(Stored items)
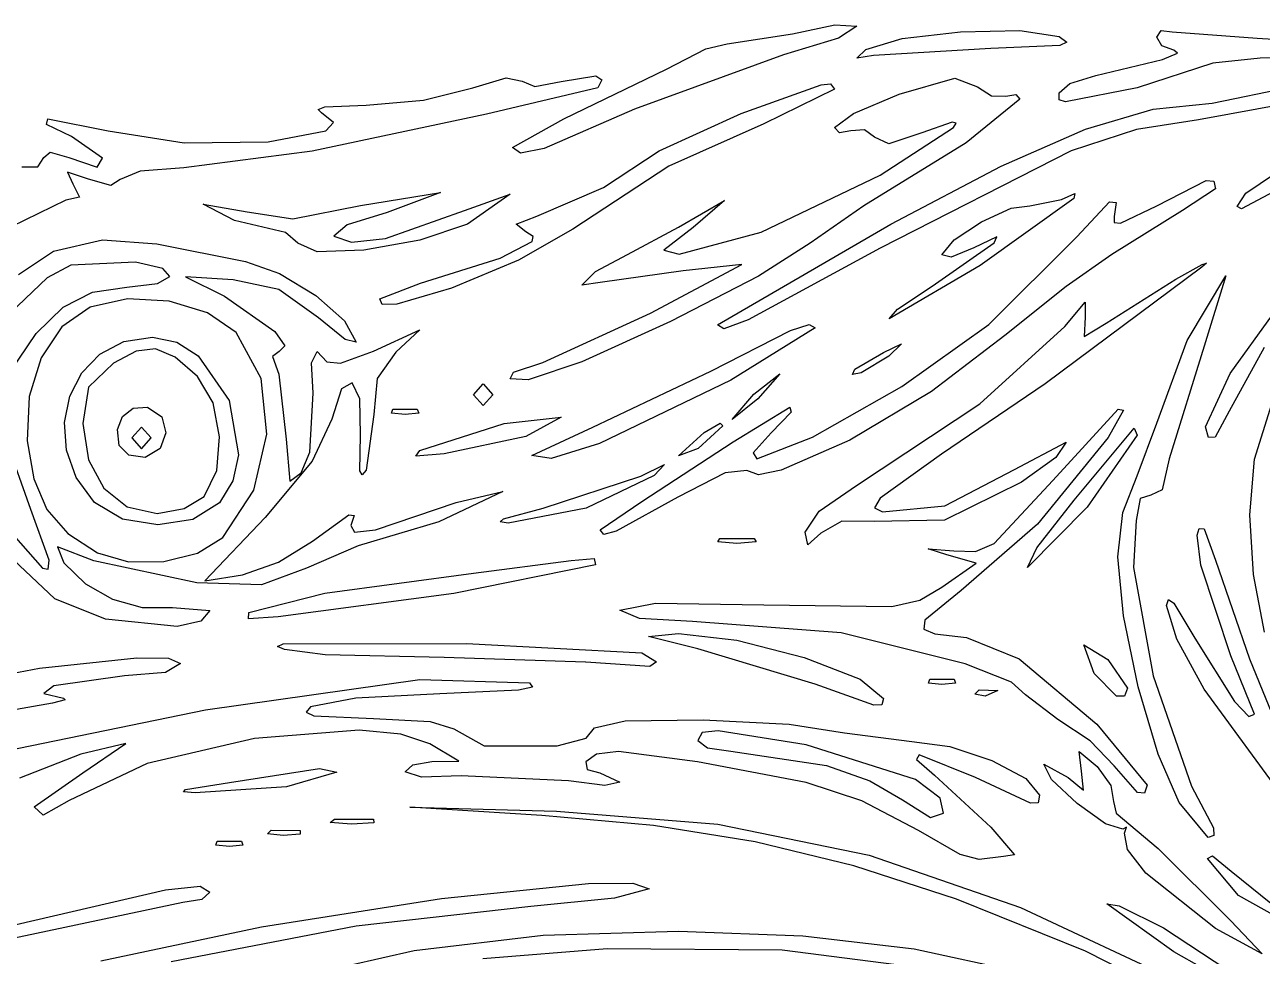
# Model space of a CAD drawing. Extents: x -2 to 143, y -75 to 57.
# Drawn here: x 52.4 to 77.48, y 35.74 to 54.62 of the extents above; entities that cross this region are included whole.
import ezdxf

# ---------------------------------------------------------------- set-up
doc = ezdxf.new("R2010")
doc.units = 0

msp = doc.modelspace()

# ---------------------------------------------------------------- linework, layer by layer
at = {"layer": 'Layer 1'}
for p, q in [((66.64078, 54.23851), (67.96494, 54.442944)), ((67.96494, 54.442944), (68.817014, 54.624614)), ((68.817014, 54.624614), (69.2634, 54.598388)), ((69.2634, 54.598388), (68.893312, 54.354854)), ((70.184242, 54.34618), (71.368341, 54.484118)), ((71.368341, 54.484118), (72.57284, 54.506545)), ((72.57284, 54.506545), (73.36713, 54.384551)), ((75.346161, 54.372887), (75.438113, 54.505053)), ((75.438113, 54.505053), (75.659191, 54.482385)), ((75.659191, 54.482385), (77.380881, 54.349456)), ((66.203735, 54.13895), (66.64078, 54.23851)), ((68.893312, 54.354854), (67.78237, 54.014063)), ((69.45115, 54.121641), (70.184242, 54.34618)), ((73.380803, 54.200683), (71.98186, 54.141388)), ((73.36713, 54.384551), (73.525908, 54.272721)), ((73.525908, 54.272721), (73.380803, 54.200683)), ((75.447892, 54.195871), (75.346161, 54.372887)), ((75.692479, 54.110709), (75.447892, 54.195871)), ((77.380881, 54.349456), (78.422231, 54.294707)), ((67.78237, 54.014063), (64.75859, 52.910473)), ((65.4102, 53.723652), (66.203735, 54.13895)), ((69.266992, 53.948491), (69.451146, 54.121641)), ((69.60711, 54.002941), (69.266992, 53.948491)), ((69.451146, 54.121641), (69.45115, 54.121641)), ((71.98186, 54.141388), (69.60711, 54.002941)), ((75.463818, 53.923058), (75.766919, 54.050156)), ((75.766919, 54.050156), (75.692479, 54.110709)), ((77.442731, 53.944095), (76.479693, 53.842222)), ((78.148918, 53.95877), (77.442731, 53.944095)), ((63.32385, 52.713422), (65.4102, 53.723652)), ((74.109309, 53.594532), (75.463818, 53.923058)), ((76.479693, 53.842222), (74.945543, 53.3482)), ((61.479391, 53.343624), (62.160495, 53.550948)), ((62.160495, 53.550948), (62.478988, 53.480382)), ((62.478988, 53.480382), (62.739788, 53.369155)), ((62.739788, 53.369155), (63.271454, 53.472502)), ((63.271454, 53.472502), (63.976104, 53.586949)), ((63.976104, 53.586949), (64.093536, 53.508418)), ((64.093536, 53.508418), (64.01664, 53.3458)), ((70.123236, 53.213972), (71.250328, 53.540001)), ((71.250328, 53.540001), (71.712126, 53.365117)), ((73.3672, 53.244549), (73.585195, 53.433599)), ((73.585195, 53.433599), (74.109309, 53.594532)), ((76.47118, 53.03554), (78.63615, 53.480875)), ((60.484127, 53.092847), (61.479391, 53.343624)), ((64.01664, 53.3458), (61.75733, 52.808878)), ((66.918108, 52.826418), (68.541928, 53.40411)), ((68.815523, 53.320972), (67.380773, 52.613631)), ((68.541928, 53.40411), (68.735155, 53.427613)), ((68.735155, 53.427613), (68.815523, 53.320972)), ((69.199552, 52.825875), (70.123236, 53.213972)), ((71.712126, 53.365117), (71.996116, 53.181794)), ((71.996116, 53.181794), (72.284268, 53.177749)), ((72.284268, 53.177749), (72.488854, 53.209928)), ((72.488854, 53.209928), (72.571928, 53.113695)), ((73.366683, 53.100811), (73.367203, 53.244548)), ((73.367203, 53.244548), (73.3672, 53.244549)), ((74.945543, 53.3482), (73.497344, 53.061491)), ((58.345746, 52.907761), (58.483834, 52.958301)), ((58.483834, 52.958301), (59.316531, 52.9964)), ((59.316531, 52.9964), (60.484127, 53.092847)), ((72.571928, 53.113695), (71.481588, 52.229596)), ((73.497344, 53.061491), (73.366683, 53.100811)), ((75.269928, 52.915468), (76.47118, 53.03554)), ((78.005348, 53.03034), (76.193258, 52.697408)), ((52.841973, 52.604848), (52.863672, 52.716225)), ((52.863672, 52.716225), (54.092584, 52.472009)), ((61.75733, 52.808878), (58.2281, 52.064344)), ((58.412864, 52.839644), (58.345746, 52.907761)), ((58.657184, 52.644177), (58.412864, 52.839644)), ((62.2849, 52.137763), (63.32385, 52.713422)), ((64.75859, 52.910473), (62.928194, 52.115198)), ((65.262218, 52.068699), (66.918108, 52.826418)), ((68.815366, 52.54175), (69.199552, 52.825875)), ((73.90246, 52.51055), (75.269928, 52.915468)), ((76.193258, 52.697408), (74.937935, 52.50171)), ((53.347561, 52.358026), (52.841973, 52.604848)), ((54.092584, 52.472009), (55.629164, 52.232038)), ((57.335057, 52.253625), (58.499783, 52.476313)), ((58.499783, 52.476313), (58.657184, 52.644177)), ((67.380773, 52.613631), (65.456605, 51.756598)), ((68.912449, 52.434604), (68.815366, 52.54175)), ((69.145861, 52.472011), (68.912449, 52.434604)), ((69.422972, 52.492886), (69.145861, 52.472011)), ((69.625118, 52.345992), (69.422972, 52.492886)), ((69.740647, 51.576096), (71.224064, 52.538339)), ((70.583375, 52.431512), (69.913673, 52.210433)), ((71.201158, 52.650965), (70.583375, 52.431512)), ((71.28298, 52.632111), (71.201158, 52.650965)), ((71.224064, 52.538339), (71.28298, 52.632111)), ((72.191064, 51.753732), (73.90246, 52.51055)), ((74.937935, 52.50171), (73.609704, 52.069054)), ((53.973339, 51.919045), (53.347561, 52.358026)), ((55.629164, 52.232038), (57.335057, 52.253625)), ((71.481588, 52.229596), (69.409048, 50.951325)), ((69.913673, 52.210433), (69.625118, 52.345992)), ((52.662372, 51.744959), (52.785965, 51.935047)), ((52.785965, 51.935047), (52.916091, 52.039125)), ((52.916091, 52.039125), (53.293587, 51.935047)), ((53.293587, 51.935047), (53.867563, 51.735567)), ((58.2281, 52.064344), (55.62247, 51.725278)), ((62.448826, 52.021337), (62.28489, 52.137765)), ((62.28489, 52.137765), (62.2849, 52.137763)), ((62.928194, 52.115198), (62.448826, 52.021337)), ((64.131806, 51.327283), (65.262218, 52.068699)), ((73.609704, 52.069054), (69.741438, 50.091808)), ((77.152419, 51.208748), (78.566157, 52.164629)), ((52.339261, 51.746661), (52.662372, 51.744959)), ((53.867563, 51.735567), (53.973339, 51.919045)), ((55.62247, 51.725278), (54.736046, 51.655037)), ((65.456605, 51.756598), (63.506953, 50.478051)), ((69.95803, 50.57796), (72.191064, 51.753732)), ((53.692387, 51.49579), (53.261902, 51.638022)), ((53.261902, 51.638022), (53.374416, 51.399955)), ((54.143641, 51.368022), (53.692387, 51.49579)), ((54.33203, 51.488815), (54.143641, 51.368022)), ((54.736046, 51.655037), (54.33203, 51.488815)), ((67.328342, 50.416678), (69.740647, 51.576096)), ((75.345606, 50.954745), (76.345706, 51.464941)), ((76.345706, 51.464941), (76.500157, 51.45512)), ((76.500157, 51.45512), (76.533436, 51.30048)), ((78.335889, 51.573275), (77.061635, 50.891183)), ((53.374416, 51.399955), (53.507097, 51.126426)), ((59.204935, 50.95889), (60.824325, 51.220835)), ((60.824325, 51.220835), (59.744475, 50.817683)), ((61.315205, 50.856726), (62.235686, 51.191971)), ((62.235686, 51.191971), (61.375453, 50.584181)), ((62.779698, 50.741959), (64.131806, 51.327283)), ((73.412515, 51.081155), (73.68608, 51.203943)), ((73.68608, 51.203943), (73.663976, 51.102796)), ((76.533436, 51.30048), (75.867121, 50.855115)), ((76.975864, 50.937164), (77.152419, 51.208748)), ((53.233599, 51.064483), (52.120939, 50.523591)), ((53.507097, 51.126426), (53.233599, 51.064483)), ((56.647321, 50.655963), (56.013331, 50.986183)), ((56.013331, 50.986183), (56.907095, 50.831137)), ((57.834576, 50.689713), (59.204935, 50.95889)), ((65.649034, 50.517056), (66.585107, 51.057713)), ((66.585107, 51.057713), (65.945877, 50.511343)), ((69.409048, 50.951325), (68.320618, 50.19356)), ((73.663976, 51.102796), (71.76886, 49.743337)), ((72.397293, 50.907772), (72.776142, 50.953132)), ((72.776142, 50.953132), (73.412515, 51.081155)), ((73.725787, 50.326852), (74.385539, 51.033082)), ((74.385539, 51.033082), (74.525983, 51.021469)), ((74.525983, 51.021469), (74.482826, 50.735748)), ((74.613702, 50.603766), (75.345606, 50.954745)), ((77.061635, 50.891183), (76.975864, 50.937164)), ((56.907095, 50.831137), (57.834576, 50.689713)), ((59.744475, 50.817683), (58.932538, 50.564662)), ((59.708184, 50.289411), (61.315205, 50.856726)), ((62.362315, 50.57867), (62.779698, 50.741959)), ((71.795252, 50.627611), (72.397293, 50.907772)), ((75.867121, 50.855115), (74.432371, 49.968236)), ((74.482826, 50.735748), (74.481388, 50.611482)), ((57.683791, 50.40877), (56.647321, 50.655963)), ((58.932538, 50.564662), (58.661235, 50.340516)), ((61.375453, 50.584181), (60.410809, 50.255127)), ((62.559624, 50.423676), (62.362315, 50.57867)), ((63.506953, 50.478051), (62.406638, 49.851475)), ((62.706634, 50.331608), (62.559624, 50.423676)), ((64.614014, 49.962599), (65.649034, 50.517056)), ((65.945877, 50.511343), (65.351513, 50.053187)), ((66.4408, 48.5377), (69.95803, 50.57796)), ((71.237716, 50.261782), (71.795252, 50.627611)), ((74.481388, 50.611482), (74.613702, 50.603766)), ((52.98374, 50.030629), (53.974742, 50.261005)), ((53.974742, 50.261005), (55.078239, 50.180931)), ((55.078239, 50.180931), (56.876239, 49.825749)), ((57.93116, 50.19699), (57.683791, 50.40877)), ((57.931163, 50.19699), (57.93116, 50.19699)), ((58.327176, 50.020894), (57.931163, 50.19699)), ((58.661235, 50.340516), (59.019029, 50.219051)), ((59.019029, 50.219051), (59.708184, 50.289411)), ((60.410809, 50.255127), (59.274221, 50.053819)), ((62.033284, 49.890718), (62.681737, 50.226089)), ((62.681737, 50.226089), (62.706634, 50.331608)), ((65.667527, 49.970686), (67.328342, 50.416678)), ((68.320618, 50.19356), (67.272683, 49.526997)), ((70.7942, 49.3271), (72.048544, 50.201393)), ((70.992382, 49.959416), (71.237716, 50.261782)), ((72.105132, 50.322169), (71.635544, 50.098385)), ((71.944727, 48.544722), (73.725787, 50.326852)), ((72.048544, 50.201393), (72.105132, 50.322169)), ((52.269025, 49.557369), (52.98374, 50.030629)), ((59.274221, 50.053819), (58.327176, 50.020894)), ((63.96692, 49.619663), (64.614014, 49.962599)), ((65.351513, 50.053187), (65.667527, 49.970686)), ((69.741438, 50.091808), (67.065067, 48.639788)), ((71.181311, 49.909418), (70.992382, 49.959416)), ((71.635544, 50.098385), (71.181311, 49.909418)), ((74.432371, 49.968236), (73.512724, 49.318617)), ((53.335232, 49.747323), (52.850603, 49.492849)), ((54.643105, 49.807486), (53.335232, 49.747323)), ((55.196403, 49.678862), (54.643105, 49.807486)), ((55.33967, 49.518032), (55.196403, 49.678862)), ((56.876239, 49.825749), (57.565079, 49.582261)), ((60.418014, 49.381919), (62.033284, 49.890718)), ((62.406638, 49.851475), (61.046257, 49.283956)), ((65.0803, 48.77293), (66.93535, 49.766265)), ((66.93535, 49.766265), (65.74798, 49.637401)), ((71.76886, 49.743337), (69.9218, 48.6595)), ((76.258468, 49.706298), (73.082828, 47.341598)), ((75.729223, 49.467283), (76.269711, 49.765428)), ((76.353825, 49.792652), (76.258468, 49.706298)), ((76.269711, 49.765428), (76.353825, 49.792652)), ((52.850603, 49.492849), (52.409185, 49.065647)), ((55.0909, 49.376557), (55.33967, 49.518032)), ((56.6234, 49.4535), (55.655476, 49.514157)), ((55.655476, 49.514157), (56.447059, 49.119569)), ((57.548896, 49.258189), (56.6234, 49.4535)), ((57.565079, 49.582261), (58.298293, 49.133565)), ((63.691679, 49.344389), (63.96692, 49.619663)), ((65.74798, 49.637401), (64.06587, 49.396114)), ((67.272683, 49.526997), (65.490202, 48.610007)), ((74.322258, 48.575468), (75.729223, 49.467283)), ((75.96181, 48.221025), (76.748525, 49.53152)), ((76.748525, 49.53152), (76.306258, 48.10745)), ((53.174731, 48.896567), (53.773665, 49.200212)), ((53.773665, 49.200212), (54.468088, 49.305998)), ((54.468088, 49.305998), (55.0909, 49.376557)), ((58.354965, 48.683308), (57.548896, 49.258189)), ((59.59872, 49.06728), (60.418014, 49.381919)), ((61.046257, 49.283956), (59.93916, 48.960798)), ((64.06587, 49.396114), (63.691679, 49.344389)), ((70.08905, 48.85725), (70.7942, 49.3271)), ((70.7942, 49.3271), (70.7942, 49.3271)), ((73.512724, 49.318617), (72.264824, 48.324016)), ((52.409185, 49.065647), (52.085115, 48.754167)), ((54.482621, 49.068494), (53.726004, 48.899212)), ((55.323129, 49.022278), (54.482621, 49.068494)), ((56.10462, 48.785498), (55.323129, 49.022278)), ((56.447059, 49.119569), (57.467298, 48.404608)), ((58.298293, 49.133565), (58.881078, 48.621831)), ((59.641016, 48.94876), (59.5987, 49.0673)), ((59.5987, 49.0673), (59.59872, 49.06728)), ((59.93916, 48.960798), (59.641016, 48.94876)), ((73.4803, 48.504386), (73.89446, 48.999544)), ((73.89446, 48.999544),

● Task goal: Work out how many lines in the data above hold the word "layer". Reply with nothing but the count.

● Exercise response: 2